PDE4D Das CRISPR-Aktivierungsplasmid (m) bietet einen gezielten, nicht-destruktiven Ansatz zur Hochregulierung der endogenen Pde4d-Expression, ohne die zugrunde liegende DNA-Sequenz zu verändern.
PDE4D Das CRISPR-Aktivierungsplasmid (m) ist ein aus drei Plasmiden bestehendes synergistisches Aktivierungsmediator-System (SAM), das für eine hocheffiziente, ortsspezifische transkriptionelle Hochregulation des Pde4d-Lokus in menschlichen Zelllinien entwickelt wurde. Das System basiert auf einem katalytisch inaktiven Cas9 (dCas9), das zwei inaktivierende Mutationen (D10A und N863A) trägt, welche die Nukleaseaktivität eliminieren, während die DNA-Bindung erhalten bleibt. Dieses dCas9 ist mit VP64, einem potenten Transkriptionsaktivator, fusioniert und wird zusammen mit einem Blasticidin-Resistenzgen zur Selektion koexprimiert. Das zweite Plasmid kodiert das MS2-p65-HSF1-Fusionsprotein, einen sekundären Aktivatorkomplex, der zusammen mit dCas9-VP64 wirkt, sowie ein Hygromycin-Resistenzgen. Das dritte Plasmid kodiert für eine zielspezifische 20-nt-sgRNA, die an zwei MS2-RNA-Aptamere fusioniert ist, welche den MS2-p65-HSF1-Komplex an die Aktivierungsstelle rekrutieren, begleitet von einem Puromycin-Resistenzgen. Die drei Plasmide werden im Massenverhältnis 1:1:1 verabreicht, um eine ausgewogene Expression aller Systemkomponenten zu gewährleisten.
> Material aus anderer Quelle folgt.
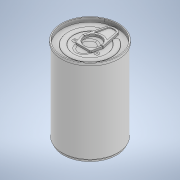
# Autodesk Inventor part: SoupCan
Saved by Autodesk Inventor 2020 (Build 240168000, 168)
## iProperties
Created: 2023-01-12
Part Number: SoupCan
Material: Generic
Document SubType Name: Modeling
Designer: legoo
Density: 1 g/cm^3
Appearance: Default
Author: legoo
Autodesk Inventor part; units mm, degrees
ref_plane "XZ Plane" through (0, 0, 0) normal (0, 1, 0) x (-1, 0, 0)
ref_plane "XY Plane" through (0, 0, 0) normal (0, 0, 1) x (1, 0, 0)
sketch "Sketch1" plane through (0, 0, 0) normal (0, 0, 1) x (1, 0, 0)
  line L0 (32.75, 4.0593) -> (32.75, 99.4351)
  line L1 (32.35, 97.4351) -> (0, 97.4351)
  line L2 (0, 97.4351) -> (0, 3.7133)
  line L3 (32.75, 99.4351) -> (33.55, 99.4351)
  line L4 (33.55, 99.4351) -> (33.55, 102.2351)
  line L5 (33.55, 102.2351) -> (32.35, 102.2351)
  line L6 (32.35, 102.2351) -> (32.35, 97.4351)
  line L7 (15, 3.7133) -> (0, 3.7133)
  arc A0 (15, 3.7133) -> (19.7851, 2.9089) centre (17.6851, 5.0514) ccw
  arc A1 (22.5851, 2.9089) -> (26.5659, 2.7142) centre (24.6851, 5.0514) ccw
  arc A2 (22.5851, 2.9089) -> (19.7851, 2.9089) centre (21.1851, 1.4807) ccw
  arc A3 (29.3384, 2.4576) -> (26.5659, 2.7142) centre (27.8198, 1.1561) ccw
  arc A4 (31.8792, 2.7098) -> (32.75, 4.0593) centre (30.8031, 4.3599) ccw
  arc A5 (31.2467, 0.7007) -> (31.8792, 2.7098) centre (28.3022, 2.7319) ccw
  arc A6 (29.9974, 0.7007) -> (31.2467, 0.7007) centre (30.622, 1.3024) ccw
  line L8 (29.3384, 2.4576) -> (29.9974, 0.7007)
  point P0 (0, 0)
  point P1 (30.622, 0.4351)
  dimension "d0" = 1.2
  dimension "d1" = 0.8
  dimension "d2" = 2.8
  dimension "d3" = 4.8
  dimension "d5" = 32.75
  dimension "d7" = 2
  dimension "d8" = 3
  dimension "d10" = 3
  dimension "d11" = 7
  dimension "d13" = 0
  dimension "d14" = 2
  dimension "d15" = 0
  dimension "d16" = 15
  dimension "d18" = 101.8
  dimension "d19" = 0.4351
  constraints: 18 end point, 16 point on circle, 7 centre point, 3 parallel, 3 tangent, 1 horizontal, 1 perpendicular
  measures "d0" distance of L4.end L5.end
  measures "d1" distance between parallel lines of L4 L0
  measures "d2" distance of L3.end L4.end
  measures "d3" distance between parallel lines of L1 L5
  measures "d5" distance between parallel lines of L2 L0
  measures "d7" radius of A2
  measures "d8" radius of A0
  measures "d10" radius of A1
  measures "d11" distance of A1.centre A0.centre
  measures "d13" vertical distance of A0.centre A1.centre
  measures "d14" radius of A3
  measures "d15" distance from line of point (0, 0) L2
  measures "d16" distance of L7.start L2.end
  measures "d18" distance from line of L5 point (30.622, 0.435)
  measures "d19" vertical distance of point (0, 0) point (30.622, 0.435)
revolve "Revolution1" add sketch "Sketch1" angle 360 about axis through (0, 97.4351, 0) along (0, -1, 0)
sketch "Sketch2" plane through (0, 97.4351, 0) normal (0, 1, 0) x (1, 0, 0)
  arc A0 (-12.675, 21.9537) -> (12.675, 21.9537) centre (0, 0) ccw
  arc A1 (-9.675, 16.7576) -> (9.675, 16.7576) centre (0, 0) ccw
  line L0 (0, 0) -> (-14.6692, 25.4078) construction
  line L1 (0, 0) -> (14.3618, 24.8753) construction
  circle A2 centre (0, 0) radius 32.35 construction
  circle A3 centre (0, 0) radius 22.35 construction
  arc A4 (-9.675, 16.7576) -> (-12.675, 21.9537) centre (-11.175, 19.3557) ccw
  arc A5 (12.675, 21.9537) -> (9.675, 16.7576) centre (11.175, 19.3557) ccw
  line L2 (0, 0) -> (0, 29.3384) construction
  circle A6 centre (0, 0) radius 29.3384 construction
  dimension "d20" = 6
  dimension "d21" = 7
  dimension "d22" = 3
  dimension "d23" = 60
  dimension "d48" = 30
  dimension "d53" = 0
  dimension "d54" = 0
  constraints: 10 point on circle, 6 end point, 5 centre point, 4 point on line, 3 coincident, 1 vertical, 2 other
  measures "d20" radial gap between concentric circles of A1 A0
  measures "d21" radial gap between concentric circles of A0 A2
  measures "d22" radial gap between concentric circles of A3 A0
  measures "d23" angle of L1 L0
  measures "d48" angle of L1 L2
  measures "d53" distance of point (0, 0) L1.start
  measures "d54" distance of point (0, 0) L1.start
extrude "Extrusion1" add sketch "Sketch2" along normal blind 0.25
chamfer "Chamfer1" distance 0.25 angle 45 4 edges at (0, 97.4351, 25.35) (-8.5769, 97.4351, -20.8557) (0, 97.4351, 19.35) (8.5769, 97.4351, -20.8557)
sketch "Sketch3" plane through (0, 97.4351, 0) normal (0, 1, 0) x (1, 0, 0)
  ellipse E0 centre (0, -4.1) end of major axis (0, 5.9) minor radius 7.5
  arc A0 (-9.55, 16.5411) -> (9.55, 16.5411) centre (0, 0) ccw construction
  point P0 (0, 0)
  point P1 (0, -19.1)
  point P2 (0, -14.1)
  dimension "d29" = 10
  dimension "d30" = 7.5
  dimension "d31" = 5
  constraints: 1 point on circle, 1 vertical alignment, 2 other
  measures "d31" distance of point (0, -14.1) point (0, -19.1)
extrude "Extrusion2" cut sketch "Sketch3" against normal blind 0.6
chamfer "Chamfer2" distance 0.6 distance2 2.5 1 edges at (0, 97.4351, 14.1) measured on face at (-7.3349, 97.0351, 6.1869)
sketch "Sketch4" plane through (0, 97.4351, 0) normal (0, 1, 0) x (1, 0, 0)
  circle A0 centre (-13, -4.85) radius 2.5
  circle A1 centre (13, -4.85) radius 2.5
  arc A2 (-9.675, 16.7576) -> (9.675, 16.7576) centre (0, 0) ccw construction
  point P0 (0, 0)
  point P1 (0, -19.35)
  dimension "d37" = 5
  dimension "d38" = 5
  dimension "d39" = 14.5
  dimension "d40" = 14.5
  dimension "d41" = 13
  dimension "d42" = 13
  constraints: 2 centre point, 1 point on circle
  measures "d37" diameter of A1
  measures "d38" diameter of A0
  measures "d39" vertical distance of point (0, -19.35) A0.centre
  measures "d40" vertical distance of point (0, -19.35) A1.centre
  measures "d41" horizontal distance of A0.centre point (0, 0)
  measures "d42" horizontal distance of point (0, 0) A1.centre
extrude "Extrusion3" add sketch "Sketch4" along normal blind 0.6
fillet "Fillet1" radius 2.5 2 edges at (10.5, 98.0351, 4.85) (-15.5, 98.0351, 4.85)
sketch "Sketch5" plane through (0, 97.4351, 0) normal (0, 1, 0) x (1, 0, 0)
  ellipse E0 centre (0, 25.85) end of major axis (-6.85, 25.85) minor radius 4 (6.85, 25.85) -> (-6.85, 25.85) ccw
  circle A0 centre (0, 0) radius 32.35 construction
  line L0 (6.85, 25.85) -> (11.7977, 3.6347)
  line L1 (-6.85, 25.85) -> (-11.7977, 3.6347)
  line L2 (11.7899, 3.1673) -> (9.0436, -7.4689)
  line L3 (-11.7899, 3.1673) -> (-9.0436, -7.4689)
  line L4 (-8.0754, -8.2189) -> (8.0754, -8.2189)
  arc A1 (-9.0436, -7.4689) -> (-8.0754, -8.2189) centre (-8.0754, -7.2189) ccw
  arc A2 (8.0754, -8.2189) -> (9.0436, -7.4689) centre (8.0754, -7.2189) ccw
  arc A3 (11.7899, 3.1673) -> (11.7977, 3.6347) centre (10.8217, 3.4173) ccw
  arc A4 (-11.7977, 3.6347) -> (-11.7899, 3.1673) centre (-10.8217, 3.4173) ccw
  point P0 (0, 32.35)
  point P1 (0, 29.85)
  point P2 (0, 29.85)
  point P3 (11.85, 3.4001)
  point P4 (-11.85, 3.4001)
  point P5 (8.85, -8.2189)
  point P6 (-8.85, -8.2189)
  dimension "d46" = 6.85
  dimension "d47" = 4
  dimension "d49" = 0
  dimension "d50" = 2.5
  dimension "d51" = 0
  dimension "d52" = 0
  dimension "d57" = 5
  dimension "d59" = 23
  dimension "d60" = 23
  dimension "d61" = 5
  dimension "d62" = 3
  dimension "d63" = 3
  dimension "d64" = 12
  dimension "d65" = 12
  dimension "d68" = 0
  dimension "d69" = 0
  dimension "d70" = 1
  constraints: 10 end point, 8 point on circle, 8 point on line, 8 tangent, 4 centre point, 3 equal radius, 1 coincident, 1 vertical alignment, 6 other
  measures "d49" horizontal distance of point (0, 0) point (0, 25.85)
  measures "d50" distance of point (0, 32.35) point (0, 29.85)
  measures "d51" horizontal distance of point (0, 0) point (0, 29.85)
  measures "d52" horizontal distance of point (0, 0) point (0, 32.35)
  measures "d57" horizontal distance of point (11.85, 3.4) L0.start
  measures "d59" distance of L0.start point (11.85, 3.4)
  measures "d60" distance of L1.start point (-11.85, 3.4)
  measures "d61" horizontal distance of point (-11.85, 3.4) L1.start
  measures "d62" horizontal distance of point (8.85, -8.219) point (11.85, 3.4)
  measures "d63" horizontal distance of point (-11.85, 3.4) point (-8.85, -8.219)
  measures "d64" distance of point (11.85, 3.4) point (8.85, -8.219)
  measures "d65" distance of point (-11.85, 3.4) point (-8.85, -8.219)
  measures "d68" vertical distance of point (0, 25.85) L0.start
  measures "d69" vertical distance of point (0, 25.85) L1.start
  measures "d70" radius of A1
extrude "Extrusion4" add sketch "Sketch5" along normal blind 2.6
ref_plane "Work Plane1" through (-12.7, 0, 0) normal (1, 0, 0) x (0, 1, 0)
sketch "Sketch6" plane through (-12.7, 0, 0) normal (1, 0, 0) x (0, 1, 0)
  line L0 (99.4351, 32.75) -> (99.4351, -32.75) projected
  line L1 (99.4351, -29.7539) -> (100.0351, -3.6347)
  line L2 (100.0351, -3.6347) -> (100.0351, -3.1673) projected
  line L3 (100.0351, -3.6347) -> (100.0351, -3.1673)
  line L4 (100.0351, -3.1673) -> (99.4351, 8.2189)
  line L5 (97.4351, 8.2189) -> (100.0351, 8.2189) projected
  line L6 (99.4351, 8.2189) -> (104.5755, 8.3468)
  line L7 (104.5755, 8.3468) -> (104.5755, -29.7539)
  line L8 (104.5755, -29.7539) -> (99.4351, -29.7539)
  point P0 (0, 0)
  constraints: 12 end point, 2 point on line, 1 perpendicular, 1 vertical
extrude "Extrusion5" cut sketch "Sketch6" along normal blind 25 contours L6 L7 L8 L1 L2 L4
sketch "Sketch7" plane through (0, 100.0351, 0) normal (0, 1, 0) x (1, 0, 0)
  line L0 (-11.7899, 3.1673) -> (11.7899, 3.1673) projected
  circle A0 centre (0, 3.1673) radius 9.25
  point P0 (0, 0)
  dimension "d78" = 18.5
  constraints: 1 centre point, 1 midpoint
  measures "d78" diameter of A0
extrude "Extrusion6" cut sketch "Sketch7" against normal up to surface (2.6 mm away)
fillet "Fillet2" radius 0.5 2 edges at (0, 99.8333, -12.4173) (0, 99.5476, 6.0827)
sketch "Sketch8" plane through (0, 100.0351, 0) normal (0, 1, 0) x (1, 0, 0)
  arc A0 (9.7393, 3.6347) -> (-9.7393, 3.6347) centre (0, 3.1788) ccw projected
  line L0 (11.7977, 3.6347) -> (9.7393, 3.6347) projected
  line L1 (6.85, 25.85) -> (11.7977, 3.6347) projected
  ellipse E0 centre (0, 25.85) end of major axis (-6.85, 25.85) minor radius 4 (6.85, 25.85) -> (1.4925, 29.7539) ccw projected
  line L2 (-1.4925, 29.7539) -> (1.4925, 29.7539) projected
  ellipse E1 centre (0, 25.85) end of major axis (-6.85, 25.85) minor radius 4 (-1.4925, 29.7539) -> (-6.85, 25.85) ccw projected
  line L3 (-11.7977, 3.6347) -> (-6.85, 25.85) projected
  line L4 (-9.7393, 3.6347) -> (-11.7977, 3.6347) projected
  line L5 (1.3563, 27.7539) -> (-1.3563, 27.7539)
  arc A1 (11.7412, 3.6347) -> (11.7234, 3.9683) centre (0, 3.1788) ccw
  line L6 (9.7487, 3.6347) -> (9.7366, 3.689)
  line L7 (7.6055, 13.2576) -> (4.8288, 25.7253)
  arc A2 (6.827, 12.742) -> (-6.827, 12.742) centre (0, 3.1788) ccw
  arc A3 (-11.7234, 3.9683) -> (-11.7412, 3.6347) centre (0, 3.1788) ccw
  line L8 (-4.8288, 25.7253) -> (-7.6055, 13.2576)
  line L9 (-9.7366, 3.689) -> (-9.7487, 3.6347)
  arc A4 (6.827, 12.742) -> (7.6055, 13.2576) centre (7.1175, 13.1489) ccw
  arc A5 (-7.6055, 13.2576) -> (-6.827, 12.742) centre (-7.1175, 13.1489) ccw
  spline S0 degree 5 poles (4.8287, 25.7253) (4.8473, 25.7837) (4.8599, 25.8452) (4.8521, 25.9084) (4.7769, 26.1544) (4.6074, 26.3574) (4.4736, 26.4956) (4.0346, 26.864) (3.5296, 27.1369) (3.1835, 27.2887) (2.6137, 27.4909) (2.0273, 27.6354) (1.8048, 27.6821) (1.5811, 27.7215) (1.3563, 27.7539) knots 0 0 0 0 0 0 0.071407 0.071407 0.071407 0.297158 0.297158 0.297158 0.735529 0.735529 0.735529 1 1 1 1 1 1
  spline S1 degree 5 poles (-1.3563, 27.7539) (-1.5811, 27.7215) (-1.8048, 27.6821) (-2.0273, 27.6354) (-2.6137, 27.4909) (-3.1835, 27.2887) (-3.5296, 27.1369) (-4.0346, 26.864) (-4.4736, 26.4956) (-4.6074, 26.3574) (-4.7769, 26.1544) (-4.8521, 25.9084) (-4.8599, 25.8452) (-4.8473, 25.7837) (-4.8287, 25.7253) knots 0 0 0 0 0 0 0.264471 0.264471 0.264471 0.702842 0.702842 0.702842 0.928593 0.928593 0.928593 1 1 1 1 1 1
  point P0 (0, 0)
  point P1 (7.9164, 11.8617)
  point P2 (-7.9164, 11.8617)
  dimension "d83" = 0.5
  constraints: 14 point on circle, 10 end point, 8 point on line, 5 centre point, 4 tangent, 2 parallel, 1 equal radius, 8 other
  measures "d83" radius of A4
extrude "Extrusion7" cut sketch "Sketch8" against normal blind 1.5 contours S0 L7 A4 A2 A5 L8 S1 L5
equation "\"d40\" = d39"
equation "\"d42\" = d41"
body "Solid1"

Nach der Assemblierung am Zielort bindet der SAM-Komplex etwa 200 bp stromaufwärts der Pde4d-Transkriptionsstartstelle, wo VP64, p65 und HSF1 gemeinsam die Transkriptionsmaschinerie rekrutieren und die Hochregulation der endogenen PDE4D-Expression vorantreiben. Im Gegensatz zu nukleaseaktivem Cas9 verursacht dCas9 keine Doppelstrangbrüche und verändert die genomische Sequenz nicht, wodurch der native Pde4d-Locus erhalten bleibt und die Untersuchung von PDE4D-abhängigen Transkriptionsreaktionen am endogenen Locus ermöglicht wird. Dies macht es zu einem wertvollen Werkzeug für Funktionsstudien, die Identifizierung von Zielgenen und die Modellierung der Wiederherstellung des PDE4D-Signalwegs in Tumorzellen mit stillgelegtem oder reduziertem Pde4d-Ausdruck.
Nur für Forschungszwecke. Nicht für diagnostische oder therapeutische Zwecke bestimmt.